Nestled between NE Ivy and NE Fremont on N Williams Avenue, the 110,000 s.f. development is essentially two buildings, united by a six-story open-air atrium featuring zig-zagging CLT corridors, hence its name: The Canyons. In addition to residential units and ground-floor retail space, The Canyons also features The Alley, an 11-unit commercial marketplace designed to unite building residents, community members and local small businesses in one central location.

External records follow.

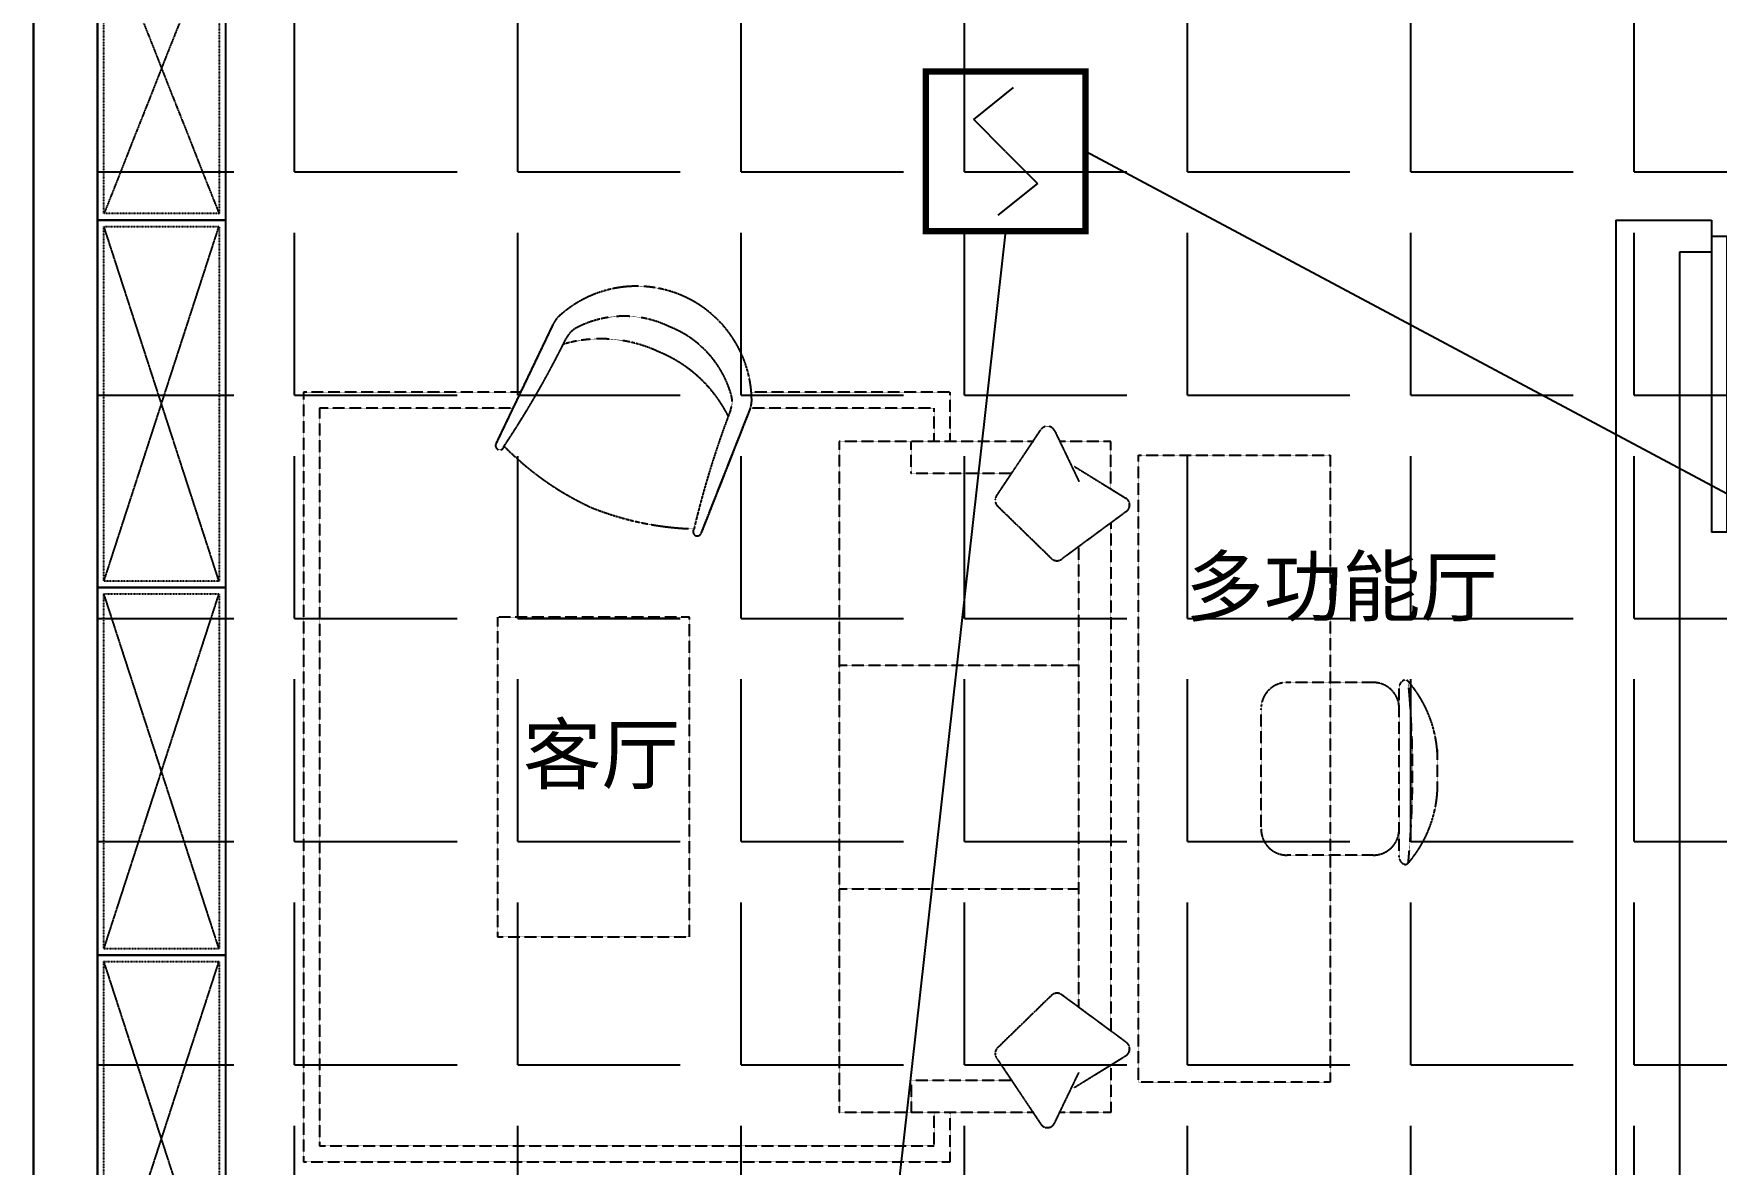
# Model space of a CAD drawing. Extents: x -284868 to 304789, y -137694 to 137894.
# Drawn here: x 210688 to 215953, y -30528 to -26990 of the extents above; entities that cross this region are included whole.
import ezdxf
from ezdxf.enums import TextEntityAlignment as Align

# ---------------------------------------------------------------- set-up
doc = ezdxf.new("R2010")
doc.units = 0
for name, pattern in [('AX-COMP140B-Fur$0$AX-COMP140B-Fur$0$DASH', [0.35, 0.25, -0.1]), ('AX-CORE140A-Fur$0$AX-CORE140A-Fur$0$D-140T-4P（2）家具$0$DASH', [0.35, 0.25, -0.1]), ('D-105T-4P家具$0$DASH', [0.35, 0.25, -0.1])]:
    doc.linetypes.add(name, pattern=pattern)
doc.layers.get('0').update_dxf_attribs({"linetype": 'CONTINUOUS'})
for name, color, linetype in [('0-墙', 4, 'CONTINUOUS'), ('0-底图', 251, 'CONTINUOUS'), ('0-非设计区域', 251, 'CONTINUOUS'), ('E-FIRE-CIRC', 120, 'CONTINUOUS'), ('EQUIP-消防', 3, 'CONTINUOUS')]:
    doc.layers.add(name, color=color, linetype=linetype)
doc.styles.add('_TCH_DYN', font='')
doc.styles.get("Standard").update_dxf_attribs({"font": 'GBENOR', "bigfont": 'GBCBIG'})
doc.styles.get('_TCH_DYN').set_extended_font_data('SimSun')

# ---------------------------------------------------------------- blocks, each defined once
blk = doc.blocks.new('*U236')
at = {"linetype": 'AX-COMP140B-Fur$0$AX-COMP140B-Fur$0$DASH', "ltscale": 0.2}
for p, q in [((20, -380), (1130, -20)), ((20, -20), (1130, -380)), ((1170, -380), (2280, -20)), ((1170, -20), (2280, -380)), ((2320, -380), (3430, -20)), ((2320, -20), (3430, -380))]:
    blk.add_line(p, q, dxfattribs=at)
for points in [[(0, 0), (1150, 0), (1150, -400), (0, -400)], [(1150, 0), (2300, 0), (2300, -400), (1150, -400)], [(2300, 0), (3450, 0), (3450, -400), (2300, -400)]]:
    blk.add_lwpolyline(points, close=True)
for points in [[(20, -20), (1130, -20), (1130, -380), (20, -380)], [(1170, -20), (2280, -20), (2280, -380), (1170, -380)], [(2320, -20), (3430, -20), (3430, -380), (2320, -380)]]:
    blk.add_lwpolyline(points, close=True, dxfattribs=at)
blk = doc.blocks.new('133000000011D-105T-4P家具$0$三人沙发202')
at = {"linetype": 'D-105T-4P家具$0$DASH'}
for p, q in [((-2350.1, 2287.1), (-2426.3, 2128.3)), ((-2168.9, 2084.2), (-2307.4, 2291.1)), ((-1901.3, 2154), (-1901.3, 2254)), ((-2412.4, 2175.3), (-2573, 2076.1)), ((-2575.4, 2035.3), (-2372.9, 1886)), ((-2339.9, 1887.7), (-2171.6, 2051.4)), ((-1676.3, 1554), (-2426.3, 1554)), ((-1676.3, 854), (-2426.3, 854)), ((-2575.4, 372.7), (-2372.9, 522)), ((-2339.9, 520.3), (-2171.6, 356.6)), ((-1245, 439.1), (-1396.8, 53.9)), ((-1396.8, 53.9), (-1245, 439.1)), ((-2412.4, 232.7), (-2573, 331.8)), ((-2168.9, 323.8), (-2307.4, 116.8)), ((-2350.1, 120.8), (-2426.3, 279.7)), ((-1901.3, 254), (-1901.3, 154)), ((-603.2, 159.6), (-781.8, -213.8)), ((-781.8, -213.8), (-603.2, 159.6))]:
    blk.add_line(p, q, dxfattribs=at)
for points in [[(-679.6, 0), (0, 0), (0, 2408), (-2023, 2408), (-2023, 2254)], [(-655.7, 50), (-50, 50), (-50, 2358), (-1973, 2358), (-1973, 2254)], [(-2526.3, 2105), (-2526.3, 2254), (-2366, 2254)], [(-2285, 154), (-1676.3, 154), (-1676.3, 2254)], [(-2285, 2254), (-1676.3, 2254)], [(-2215.6, 2154), (-1901.3, 2154)], [(-2526.3, 408.9), (-2526.3, 1996.4)], [(-2426.3, 1925.4), (-2426.3, 482.6)], [(-2426.3, 1925.4), (-2426.3, 1917.1)], [(-2526.3, 303), (-2526.3, 154), (-2366, 154)], [(-2215.6, 254), (-1901.3, 254)], [(-2023, 154), (-2023, 0), (-1401.2, 0)], [(-1973, 154), (-1973, 50), (-1398.2, 50)]]:
    blk.add_lwpolyline(points, dxfattribs=at)
blk.add_lwpolyline([(-1207.3, 704), (-607.3, 704), (-607.3, 1704), (-1207.3, 1704)], close=True, dxfattribs=at)
for centre, radius, start, end in [((-2327.5, 2276.3), 25, 36.4281, 154.3518), ((-2559.9, 2054.9), 25, 121.6916, 231.6006), ((-2189, 2069.3), 25, 314.199, 36.4281), ((-2357.4, 1905.6), 25, 231.6006, 314.199), ((-2357.4, 502.4), 25, 45.801, 128.3994), ((-4070.3, 1101.5), 2927.2, 339.0863, 346.692), ((-1232, 436.3), 13.4, 320.1884, 167.8555), ((-1247.7, -501), 929.1, 67.8786, 88.392), ((-2559.9, 353.1), 25, 128.3994, 238.3084), ((-2189, 338.6), 25, 323.5719, 45.801), ((-1289.6, -482.8), 929.1, 44.5487, 65.0621), ((1806.3, -1457.4), 2927.2, 146.2488, 153.8544), ((-614.2, 167.3), 13.4, 325.0852, 172.7523), ((-2327.5, 131.7), 25, 205.6482, 323.5719), ((-1324.2, 25.1), 78.1, 158.2971, 180.7769), ((-1324.2, 25.1), 78.1, 158.2971, 180.7769), ((-1262.9, 28.9), 78.1, 159.1904, 191.6484), ((-951.6, 265), 422.6, 206.7396, 248.0283), ((-1041.9, 28.9), 360.4, 180.7769, 246.4704), ((-1027.9, 95.4), 322.2, 194.7948, 248.903), ((-930.6, 255.8), 422.6, 244.9124, 286.2011), ((-1002.8, 84.5), 322.2, 244.0378, 298.1459), ((-891.4, -132.9), 78.1, 301.2923, 333.7504), ((-1041.9, 28.9), 360.4, 246.4704, 312.1638), ((-852.4, -180.4), 78.1, 312.1638, 334.6437), ((-852.4, -180.4), 78.1, 312.1638, 334.6437)]:
    blk.add_arc(centre, radius, start, end, dxfattribs=at)
blk = doc.blocks.new('*U237')
at = {"linetype": 'AX-COMP140B-Fur$0$AX-COMP140B-Fur$0$DASH', "ltscale": 0.2}
for p, q in [((20, -380), (930, -20)), ((20, -20), (930, -380)), ((970, -380), (1880, -20)), ((970, -20), (1880, -380)), ((1920, -380), (2830, -20)), ((1920, -20), (2830, -380)), ((2870, -380), (3780, -20)), ((2870, -20), (3780, -380))]:
    blk.add_line(p, q, dxfattribs=at)
for points in [[(0, 0), (950, 0), (950, -400), (0, -400)], [(950, 0), (1900, 0), (1900, -400), (950, -400)], [(1900, 0), (2850, 0), (2850, -400), (1900, -400)], [(2850, 0), (3800, 0), (3800, -400), (2850, -400)]]:
    blk.add_lwpolyline(points, close=True)
for points in [[(20, -20), (930, -20), (930, -380), (20, -380)], [(970, -20), (1880, -20), (1880, -380), (970, -380)], [(1920, -20), (2830, -20), (2830, -380), (1920, -380)], [(2870, -20), (3780, -20), (3780, -380), (2870, -380)]]:
    blk.add_lwpolyline(points, close=True, dxfattribs=at)
blk = doc.blocks.new('*U232')
at = {"linetype": 'AX-CORE140A-Fur$0$AX-CORE140A-Fur$0$D-140T-4P（2）家具$0$DASH'}
for p, q in [((134.9, -212.3), (-135.1, -212.3)), ((215.9, -758.3), (215.9, -227.6)), ((-216.1, -671.3), (-216.1, -293.3)), ((335.9, -541.8), (335.9, -422.8)), ((134.9, -752.3), (-135.1, -752.3))]:
    blk.add_line(p, q, dxfattribs=at)
blk.add_lwpolyline([(-600, -1463.3), (-600, 498.8), (0, 498.8), (-0.1, -1463.3), (-600.1, -1463.3)], dxfattribs=at)
for centre, radius, start, end in [((239.9, -227.6), 24, 112.6682, 179.9982), ((235.3, -216.5), 12, 40.7247, 112.6682), ((-2762.8, -492.8), 3020.6, 354.5983, 5.398), ((-42.6, -455.8), 378.7, 1.7633, 40.7247), ((-135.1, -293.3), 81, 89.9982, 179.9982), ((134.9, -293.3), 81, 359.9982, 89.9982), ((-42.6, -530.1), 378.7, 319.2716, 358.2331), ((-135.1, -671.3), 81, 179.9982, 269.9982), ((134.9, -671.3), 81, 269.9982, 359.9982), ((239.9, -758.3), 24, 179.9982, 247.3282), ((235.3, -769.3), 12, 247.3282, 319.2716)]:
    blk.add_arc(centre, radius, start, end, dxfattribs=at)
blk = doc.blocks.new('133$DorLib2D$00000001')
for p, q in [((0.45, 0.975), (0.5, 0.975)), ((0.45, 0), (0.45, 0.975)), ((0.5, 0), (0.5, 0.975)), ((0.5, 0), (0.45, 0))]:
    blk.add_line(p, q)
at = {"lineweight": 13}
blk.add_arc((0.475, 0), 0.975, 91.4693, 180, dxfattribs=at)
blk = doc.blocks.new('A$C5ed5d99b')
for p, q in [((0, 0), (0, -7550)), ((200, -200), (200, -7450)), ((4950, -4000), (4950, -7450)), ((4950, -4000), (5250, -4000)), ((5250, -4000), (5250, -4100)), ((5150, -4100), (5150, -7450)), ((5250, -4100), (5150, -4100))]:
    blk.add_line(p, q)
at = {"extrusion": (2.93488e-11, -1.6918e-11, -1), "xscale": -1, "zscale": -1}
for name, p, rotation in [('*U237', (-600, -200, 0), 89.99941067593174), ('*U232', (-4056.7, -5234.8, 0), 359.999919406942)]:
    blk.add_blockref(name, p, dxfattribs=dict(at, rotation=rotation))
at = {"extrusion": (2.93488e-11, 1.6918e-11, -1), "xscale": -1, "zscale": -1, "rotation": 269.9994106759318}
blk.add_blockref('*U236', (-200, -7450, 0), dxfattribs=at)
at = {"xscale": 950, "yscale": 950, "zscale": 950, "rotation": 180}
blk.add_blockref('133$DorLib2D$00000001', (5725, -4050), dxfattribs=at)
at = {"extrusion": (1.73952e-09, 4.55716e-09, -1), "xscale": -1, "zscale": -1, "rotation": 179.9998194176426}
blk.add_blockref('133000000011D-105T-4P家具$0$三人沙发202', (-844.4, -4538.6, 0), dxfattribs=at)
at = {"style": '_TCH_DYN'}
for s, p in [('多功能厅', (4585.3, -5290.6)), ('客厅', (2021.9, -5815.7))]:
    blk.add_text(s, height=180, dxfattribs=at).set_placement(p, align=Align.BOTTOM_RIGHT)
blk = doc.blocks.new('$equip$00002649')
for p, q in [((-0.5, 0.5), (-0.5, -0.5)), ((0.5, 0.5), (-0.5, 0.5)), ((0.5, -0.5), (0.5, 0.5)), ((-0.2, 0.2), (0.05, 0.4)), ((0, 0), (-0.2, 0.2)), ((0, 0), (0.2, -0.2)), ((0.2, -0.2), (-0.05, -0.4)), ((-0.5, -0.5), (0.5, -0.5))]:
    blk.add_line(p, q)
at = {"const_width": 0.04}
blk.add_lwpolyline([(-0.5, 0.5), (0.5, 0.5), (0.5, -0.5), (-0.5, -0.5), (-0.5, 0.5), (0.5, 0.5)], dxfattribs=at)
for p in [(0, 0.5), (-0.5, 0), (0.5, 0), (0, -0.5)]:
    blk.add_point(p)
at = {"color": 7, "flags": 1}
for tag, height, p in [('A', 0.00002, (0, 0)), ('B', 0.4, (0.762, -0.208))]:
    blk.add_attdef(tag, text='', height=height, dxfattribs=at).set_placement(p, align=Align.MIDDLE_CENTER)

msp = doc.modelspace()

# ---------------------------------------------------------------- hatches: boundary and pattern name
at = {"layer": '0-非设计区域', "ltscale": 3}
h = msp.add_hatch(dxfattribs=at)
h.set_pattern_fill('ANGLE', color=256, scale=100)
h.set_pattern_definition([(0, (-222963.06, 452446.1), (0, 698.5), [508, -190.5]), (90, (-222963.06, 452446.1), (-698.5, 4e-14), [508, -190.5])])
h.paths.add_polyline_path([(210887.8, -23772.7), (210887.8, -32822.7), (215637.8, -32822.7), (215637.8, -31022.7), (225004.9, -31022.7), (225337.8, -30689.9), (225337.8, -24105.5), (225004.9, -23772.7)])

# ---------------------------------------------------------------- linework, layer by layer
at = {"layer": '0-墙', "ltscale": 3}
msp.add_lwpolyline([(210887.8, -23572.7), (211437.8, -23572.7), (211437.8, -23772.7), (210887.8, -23772.7), (210887.8, -33022.7), (210687.8, -33022.7), (210687.8, -23522.7), (210887.8, -23522.7), (210887.8, -23572.7)], dxfattribs=at)
at = {"layer": '0-非设计区域', "ltscale": 3}
msp.add_lwpolyline([(210887.8, -23772.7), (210887.8, -32822.7), (215637.8, -32822.7), (215637.8, -31022.7), (225004.9, -31022.7), (225337.8, -30689.9), (225337.8, -24105.5), (225004.9, -23772.7)], close=True, dxfattribs=at)
at = {"layer": 'E-FIRE-CIRC'}
for points in [[(215870.8, -25290.7), (216558.2, -28735.7), (213979.1, -27358.8)], [(213729.1, -27608.8), (213066.8, -33514.5)]]:
    msp.add_lwpolyline(points, dxfattribs=at)

# ---------------------------------------------------------------- block references
at = {"layer": '0-底图'}
msp.add_blockref('A$C5ed5d99b', (210687.8, -23573.6), dxfattribs=at)
at = {"layer": 'EQUIP-消防', "xscale": 500, "yscale": 500, "zscale": 500}
msp.add_blockref('$equip$00002649', (213729.1, -27358.8), dxfattribs=at)

doc.saveas('drawing.dxf')

Designed with Residents in Mind

Unique in design, The Canyons elegantly combines eco-friendly construction with accessible design, aimed at meeting the unique needs of both active adults and those with limited mobility. Ben Kaiser, owner and principal at Kaiser + Path, was motivated by his father to create a fully accessible building that exists within Portland’s urban core.

As a result, The Canyons is neither a standard apartment building nor an independent living facility but instead is a hybrid living environment aimed at creating a community-focused urban living experience for people of all abilities. The six-story building is entirely barrier-free, including all of the building’s 70 living units. The apartments range in size from studio to two bedrooms and all have adjustable kitchen counters, are pre-wired for automatic door openers, have wider ADA-friendly doors and feature curbless showers. Each light-filled unit also offers Energy Star appliances, nine-foot high ceilings and wood-centric design proven to lower stress, increase productivity and improve feelings of well-being. In addition to atrium-facing entries, each unit has expansive windows and its own individual heating and cooling unit, ensuring fresh, clean air for all residents. Finally, some units offer Juliet balconies as an additional perk for building residents.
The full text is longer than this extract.